Household Searchlight Recipe Book
- Author: Ida Migliario, Zorada Z. Titus, Harriet W. Allard, Irene Nunemaker
- Genre: Cookbook
- Publisher: Capper Publications, Topeka, Kansas
- Publication date: 1931

= Household Searchlight Recipe Book =

Cookbook published in USA

The Household Searchlight Recipe Book was one of the most-published cookbooks in the United States. It was in print almost continuously from 1931 until 1954, and sold more than 1 million copies. It was published by Capper Publications of Topeka, Kansas, and was reprinted five times between 1977 and 1991 by Stauffer Publications.

== Editions ==

=== First printing (1931) ===
In 1931, Capper Publications released 2,500 copies of the book.

=== Second printing (1932) ===
Due to the book's popularity, Capper released a second printing in 1932 in an edition of 6,200 copies. Added to this edition were 15 blank pages at the end, with the heading "Additional Recipes" for the book's owner to add their own recipes.
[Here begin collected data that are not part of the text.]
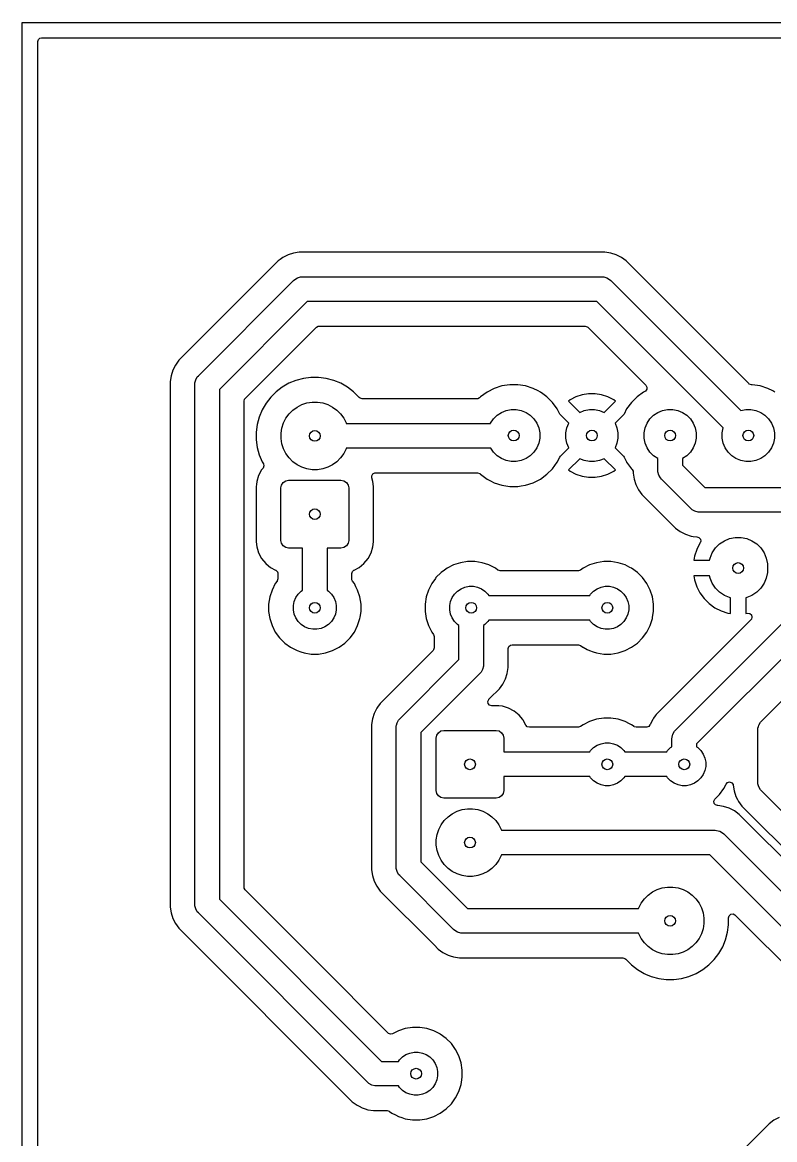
# Model space of a CAD drawing. Extents: x 117.2 to 183.2, y -121.2 to -64.2.
# Drawn here: x 117.25 to 141.69, y -100.51 to -64.25 of the extents above; entities that cross this region are included whole.
import ezdxf

# ---------------------------------------------------------------- set-up
doc = ezdxf.new("R2010")
doc.units = 0
doc.layers.add('BLACK', color=7, linetype='CONTINUOUS')

msp = doc.modelspace()

# ---------------------------------------------------------------- linework, layer by layer
at = {"layer": 'BLACK', "linetype": 'CONTINUOUS'}
for p, q in [((117.25, -64.25), (183.25, -64.25)), ((117.25, -121.25), (117.25, -64.25)), ((117.7505, -64.8745), (117.770185, -64.807461)), ((117.7505, -75.905513), (117.7505, -64.8745)), ((117.770185, -64.807461), (117.822989, -64.761706)), ((117.822989, -64.761706), (117.8745, -64.7505)), ((117.8745, -64.7505), (182.6255, -64.7505)), ((125.879163, -71.797454), (125.7108, -71.88324)), ((126.058881, -71.739059), (125.879163, -71.797454)), ((126.245514, -71.7095), (126.058881, -71.739059)), ((126.245519, -71.7095), (126.245514, -71.7095)), ((126.434482, -71.7095), (126.245519, -71.7095)), ((136.174481, -71.7095), (126.434482, -71.7095)), ((136.174486, -71.7095), (136.174481, -71.7095)), ((136.361118, -71.739059), (136.174486, -71.7095)), ((136.540836, -71.797454), (136.361118, -71.739059)), ((136.709199, -71.88324), (136.540836, -71.797454)), ((125.557924, -71.994312), (122.334312, -75.217923)), ((125.557925, -71.994312), (125.557924, -71.994312)), ((125.557927, -71.99431), (125.557925, -71.994312)), ((125.623579, -71.94661), (125.557927, -71.99431)), ((125.7108, -71.88324), (125.623579, -71.94661)), ((136.862074, -71.99431), (136.709199, -71.88324)), ((136.862076, -71.994312), (136.862074, -71.99431)), ((140.840945, -75.973181), (136.862076, -71.994312)), ((126.186926, -72.540448), (126.28779, -72.513422)), ((126.28779, -72.513422), (126.34, -72.51)), ((126.34, -72.51), (136.08, -72.51)), ((136.08, -72.51), (136.13221, -72.513422)), ((136.13221, -72.513422), (136.233074, -72.540448)), ((122.967157, -75.717157), (126.057157, -72.627157)), ((126.057157, -72.627157), (126.096495, -72.592659)), ((126.096495, -72.592659), (126.186926, -72.540448)), ((136.233074, -72.540448), (136.323505, -72.592659)), ((136.323505, -72.592659), (136.362843, -72.627157)), ((136.362843, -72.627157), (140.58257, -76.846885)), ((126.505686, -73.31), (123.65, -76.165686)), ((135.914314, -73.31), (126.505686, -73.31)), ((140.016885, -77.41257), (135.914314, -73.31)), ((124.486819, -76.460944), (126.800944, -74.146819)), ((126.800944, -74.146819), (126.862267, -74.113334)), ((126.862267, -74.113334), (126.888625, -74.1105)), ((126.888625, -74.1105), (135.531374, -74.1105)), ((135.531374, -74.1105), (135.598413, -74.130185)), ((135.598413, -74.130185), (135.619055, -74.146819)), ((135.619055, -74.146819), (137.500124, -76.027888)), ((122.22324, -75.3708), (122.137454, -75.539163)), ((122.334312, -75.217923), (122.22324, -75.3708)), ((122.079059, -75.718881), (122.0495, -75.905513)), ((122.137454, -75.539163), (122.079059, -75.718881)), ((122.880448, -75.846926), (122.932659, -75.756495)), ((122.932659, -75.756495), (122.967157, -75.717157)), ((126.625424, -75.771684), (126.378438, -75.8042)), ((126.625429, -75.771683), (126.625424, -75.771684)), ((126.625435, -75.771683), (126.625429, -75.771683)), ((126.874565, -75.771683), (126.625435, -75.771683)), ((126.87457, -75.771683), (126.874565, -75.771683)), ((126.874575, -75.771684), (126.87457, -75.771683)), ((127.121561, -75.8042), (126.874575, -75.771684)), ((117.7505, -120.6255), (117.7505, -75.905513)), ((122.0495, -75.905513), (122.0495, -92.964486)), ((122.85, -76), (122.853422, -75.94779)), ((122.85, -92.87), (122.85, -76)), ((122.853422, -75.94779), (122.880448, -75.846927)), ((122.880448, -75.846927), (122.880448, -75.846926)), ((125.691873, -76.088583), (125.494225, -76.240243)), ((125.907623, -75.96402), (125.691873, -76.088583)), ((125.907638, -75.964013), (125.907623, -75.96402)), ((126.137792, -75.868681), (125.907638, -75.964013)), ((126.378438, -75.8042), (126.137792, -75.868681)), ((127.362207, -75.868681), (127.121561, -75.8042)), ((127.592361, -75.964013), (127.362207, -75.868681)), ((127.592376, -75.96402), (127.592361, -75.964013)), ((127.808126, -76.088583), (127.592376, -75.96402)), ((128.005774, -76.240243), (127.808126, -76.088583)), ((132.576423, -76.130422), (132.344945, -76.248368)), ((132.823506, -76.05014), (132.576423, -76.130422)), ((133.080098, -76.0095), (132.823506, -76.05014)), ((133.080103, -76.0095), (133.080098, -76.0095)), ((133.339897, -76.0095), (133.080103, -76.0095)), ((133.339902, -76.0095), (133.339897, -76.0095)), ((133.596493, -76.05014), (133.339902, -76.0095)), ((133.843576, -76.130422), (133.596493, -76.05014)), ((134.002764, -76.211534), (133.843576, -76.130422)), ((137.500124, -76.027888), (137.533609, -76.089211)), ((137.533609, -76.089211), (137.528625, -76.158903)), ((140.861587, -75.989815), (140.840945, -75.973181)), ((140.928626, -76.0095), (140.861587, -75.989815)), ((140.959897, -76.0095), (140.928626, -76.0095)), ((140.959902, -76.0095), (140.959897, -76.0095)), ((141.216493, -76.05014), (140.959902, -76.0095)), ((141.463576, -76.130422), (141.216493, -76.05014)), ((141.622764, -76.211534), (141.463576, -76.130422)), ((123.65, -76.165686), (123.65, -92.704314)), ((124.4505, -76.548625), (124.470185, -76.481586)), ((124.470185, -76.481586), (124.486819, -76.460944)), ((125.31806, -76.416408), (125.1664, -76.614056)), ((125.318066, -76.416401), (125.31806, -76.416408)), ((125.494218, -76.240249), (125.318066, -76.416401)), ((125.494225, -76.240243), (125.494218, -76.240249)), ((128.005781, -76.240249), (128.005774, -76.240243)), ((128.18193, -76.416398), (128.005781, -76.240249)), ((128.181932, -76.416401), (128.18193, -76.416398)), ((128.181938, -76.416407), (128.181932, -76.416401)), ((128.187128, -76.42317), (128.181938, -76.416407)), ((128.218463, -76.451998), (128.187128, -76.42317)), ((128.285502, -76.471683), (128.218463, -76.451998)), ((132.012795, -76.471683), (128.285502, -76.471683)), ((132.039153, -76.468849), (132.012795, -76.471683)), ((132.100476, -76.435364), (132.039153, -76.468849)), ((132.134768, -76.401071), (132.100476, -76.435364)), ((132.134774, -76.401066), (132.134768, -76.401071)), ((132.344945, -76.248368), (132.134774, -76.401066)), ((134.075051, -76.248366), (134.002764, -76.211534)), ((134.075053, -76.248367), (134.075051, -76.248366)), ((134.075054, -76.248368), (134.075053, -76.248367)), ((134.15677, -76.307738), (134.075054, -76.248368)), ((134.285229, -76.401069), (134.15677, -76.307738)), ((134.468931, -76.584771), (134.285229, -76.401069)), ((135.042439, -76.50538), (134.988282, -76.544727)), ((135.231782, -76.408904), (135.042439, -76.50538)), ((135.433869, -76.343242), (135.231782, -76.408904)), ((135.433872, -76.343242), (135.433869, -76.343242)), ((135.643754, -76.31), (135.433872, -76.343242)), ((135.856246, -76.31), (135.643754, -76.31)), ((136.066129, -76.343242), (135.856246, -76.31)), ((136.268217, -76.408904), (136.066129, -76.343242)), ((136.45755, -76.505375), (136.268217, -76.408904)), ((136.511716, -76.544728), (136.45755, -76.505375)), ((137.214768, -76.401071), (137.031071, -76.584768)), ((137.214774, -76.401066), (137.214768, -76.401071)), ((137.424947, -76.248366), (137.214774, -76.401066)), ((137.468739, -76.226053), (137.424947, -76.248366)), ((137.486753, -76.214836), (137.468739, -76.226053)), ((137.528625, -76.158903), (137.486753, -76.214836)), ((141.695051, -76.248366), (141.622764, -76.211534)), ((124.4505, -92.321374), (124.4505, -76.548625)), ((125.04183, -76.829821), (124.946498, -77.059975)), ((125.041837, -76.829806), (125.04183, -76.829821)), ((125.1664, -76.614056), (125.041837, -76.829806)), ((125.913553, -76.95779), (126.035607, -76.835736)), ((126.035607, -76.835736), (126.175252, -76.734279)), ((126.175252, -76.734279), (126.329048, -76.655916)), ((126.329048, -76.655916), (126.49321, -76.602576)), ((126.49321, -76.602576), (126.663695, -76.575574)), ((126.663695, -76.575574), (126.836305, -76.575574)), ((126.836305, -76.575574), (127.00679, -76.602576)), ((127.00679, -76.602576), (127.170952, -76.655916)), ((127.170952, -76.655916), (127.324748, -76.734279)), ((127.324748, -76.734279), (127.464393, -76.835736)), ((127.464393, -76.835736), (127.586447, -76.95779)), ((132.809313, -76.910367), (132.963258, -76.846601)), ((132.963258, -76.846601), (133.126685, -76.814093)), ((133.126685, -76.814093), (133.293315, -76.814093)), ((133.293315, -76.814093), (133.456742, -76.846601)), ((133.456742, -76.846601), (133.610687, -76.910367)), ((134.621634, -76.794949), (134.468931, -76.584771)), ((134.706463, -76.961435), (134.621634, -76.794949)), ((134.988282, -76.544727), (134.988282, -76.544728)), ((134.988282, -76.544728), (135.352571, -76.909017)), ((135.352571, -76.909017), (135.503258, -76.846601)), ((135.503258, -76.846601), (135.666685, -76.814093)), ((135.666685, -76.814093), (135.833315, -76.814093)), ((135.833315, -76.814093), (135.996742, -76.846601)), ((135.996742, -76.846601), (136.147428, -76.909017)), ((136.147428, -76.909017), (136.511716, -76.544728)), ((136.878366, -76.794947), (136.793535, -76.961435)), ((137.031066, -76.584774), (136.878366, -76.794947)), ((137.031071, -76.584768), (137.031066, -76.584774)), ((137.889313, -76.910367), (138.043258, -76.846601)), ((138.043258, -76.846601), (138.206685, -76.814093)), ((138.206685, -76.814093), (138.373315, -76.814093)), ((138.373315, -76.814093), (138.536742, -76.846601)), ((138.536742, -76.846601), (138.690687, -76.910367)), ((140.58257, -76.846885), (140.583258, -76.846601)), ((140.583258, -76.846601), (140.746685, -76.814093)), ((140.746685, -76.814093), (140.913315, -76.814093)), ((140.913315, -76.814093), (141.076742, -76.846601)), ((141.076742, -76.846601), (141.230687, -76.910367)), ((124.946498, -77.059975), (124.882017, -77.300621)), ((125.733733, -77.251231), (125.812096, -77.097435)), ((125.812096, -77.097435), (125.913553, -76.95779)), ((127.586447, -76.95779), (127.687904, -77.097435)), ((127.687904, -77.097435), (127.766267, -77.251231)), ((132.460367, -77.259313), (132.552941, -77.120766)), ((132.552941, -77.120766), (132.670766, -77.002941)), ((132.670766, -77.002941), (132.809313, -76.910367)), ((133.610687, -76.910367), (133.749234, -77.002941)), ((133.749234, -77.002941), (133.867059, -77.120766)), ((133.867059, -77.120766), (133.959633, -77.259313)), ((134.729266, -76.99282), (134.706463, -76.961435)), ((134.999017, -77.262571), (134.729266, -76.99282)), ((136.770732, -76.99282), (136.500982, -77.262569)), ((136.793535, -76.961435), (136.770732, -76.99282)), ((137.540367, -77.259313), (137.632941, -77.120766)), ((137.632941, -77.120766), (137.750766, -77.002941)), ((137.750766, -77.002941), (137.889313, -76.910367)), ((138.690687, -76.910367), (138.829234, -77.002941)), ((138.829234, -77.002941), (138.947059, -77.120766)), ((138.947059, -77.120766), (139.039633, -77.259313)), ((141.230687, -76.910367), (141.369234, -77.002941)), ((141.369234, -77.002941), (141.487059, -77.120766)), ((141.487059, -77.120766), (141.579633, -77.259313)), ((124.849501, -77.547607), (124.8495, -77.547624)), ((124.8495, -77.547624), (124.8495, -77.796741)), ((124.882017, -77.300621), (124.849501, -77.547607)), ((125.653391, -77.585878), (125.680393, -77.415393)), ((125.653391, -77.758488), (125.653391, -77.585878)), ((125.680393, -77.415393), (125.733733, -77.251231)), ((127.766267, -77.251231), (127.773075, -77.272183)), ((127.773075, -77.272183), (132.455036, -77.272183)), ((132.455036, -77.272183), (132.460367, -77.259313)), ((133.959633, -77.259313), (134.023399, -77.413258)), ((134.023399, -77.413258), (134.055907, -77.576685)), ((134.055907, -77.576685), (134.055907, -77.743315)), ((134.904093, -77.576685), (134.936601, -77.413258)), ((134.904093, -77.743315), (134.904093, -77.576685)), ((134.936601, -77.413258), (134.999017, -77.262571)), ((136.500982, -77.262569), (136.563399, -77.413258)), ((136.563399, -77.413258), (136.595907, -77.576685)), ((136.595907, -77.576685), (136.595907, -77.743315)), ((137.444093, -77.576685), (137.476601, -77.413258)), ((137.444093, -77.743315), (137.444093, -77.576685)), ((137.476601, -77.413258), (137.540367, -77.259313)), ((139.039633, -77.259313), (139.103399, -77.413258)), ((139.103399, -77.413258), (139.135907, -77.576685)), ((139.135907, -77.576685), (139.135907, -77.743315)), ((139.984093, -77.576685), (140.016601, -77.413258)), ((139.984093, -77.743315), (139.984093, -77.576685)), ((140.016601, -77.413258), (140.016885, -77.41257)), ((141.579633, -77.259313), (141.643399, -77.413258)), ((141.643399, -77.413258), (141.675907, -77.576685)), ((141.675907, -77.576685), (141.675907, -77.743315)), ((124.8495, -77.796741), (124.849501, -77.796758)), ((124.849501, -77.796758), (124.882017, -78.043744)), ((125.680393, -77.928973), (125.653391, -77.758488)), ((125.733733, -78.093135), (125.680393, -77.928973)), ((134.023399, -77.906742), (133.959633, -78.060687)), ((134.055907, -77.743315), (134.023399, -77.906742)), ((134.936601, -77.906742), (134.904093, -77.743315)), ((134.999016, -78.057427), (134.936601, -77.906742)), ((136.563399, -77.906742), (136.500982, -78.057428)), ((136.595907, -77.743315), (136.563399, -77.906742)), ((137.476601, -77.906742), (137.444093, -77.743315)), ((137.540367, -78.060687), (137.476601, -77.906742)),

=== Third printing (1934) ===
As demand for the cookbook continued to grow, Capper released the third printing in an edition of 11,995 copies.

=== Fourth edition (1934) ===
A second print-run of 14,009 copies were released after the initial printing in the same year as the third printing, for a total of 26,004 copies in a single year. The Joy of Cooking was likely the only other American cookbook that was outselling The Household Searchlight Recipe Book.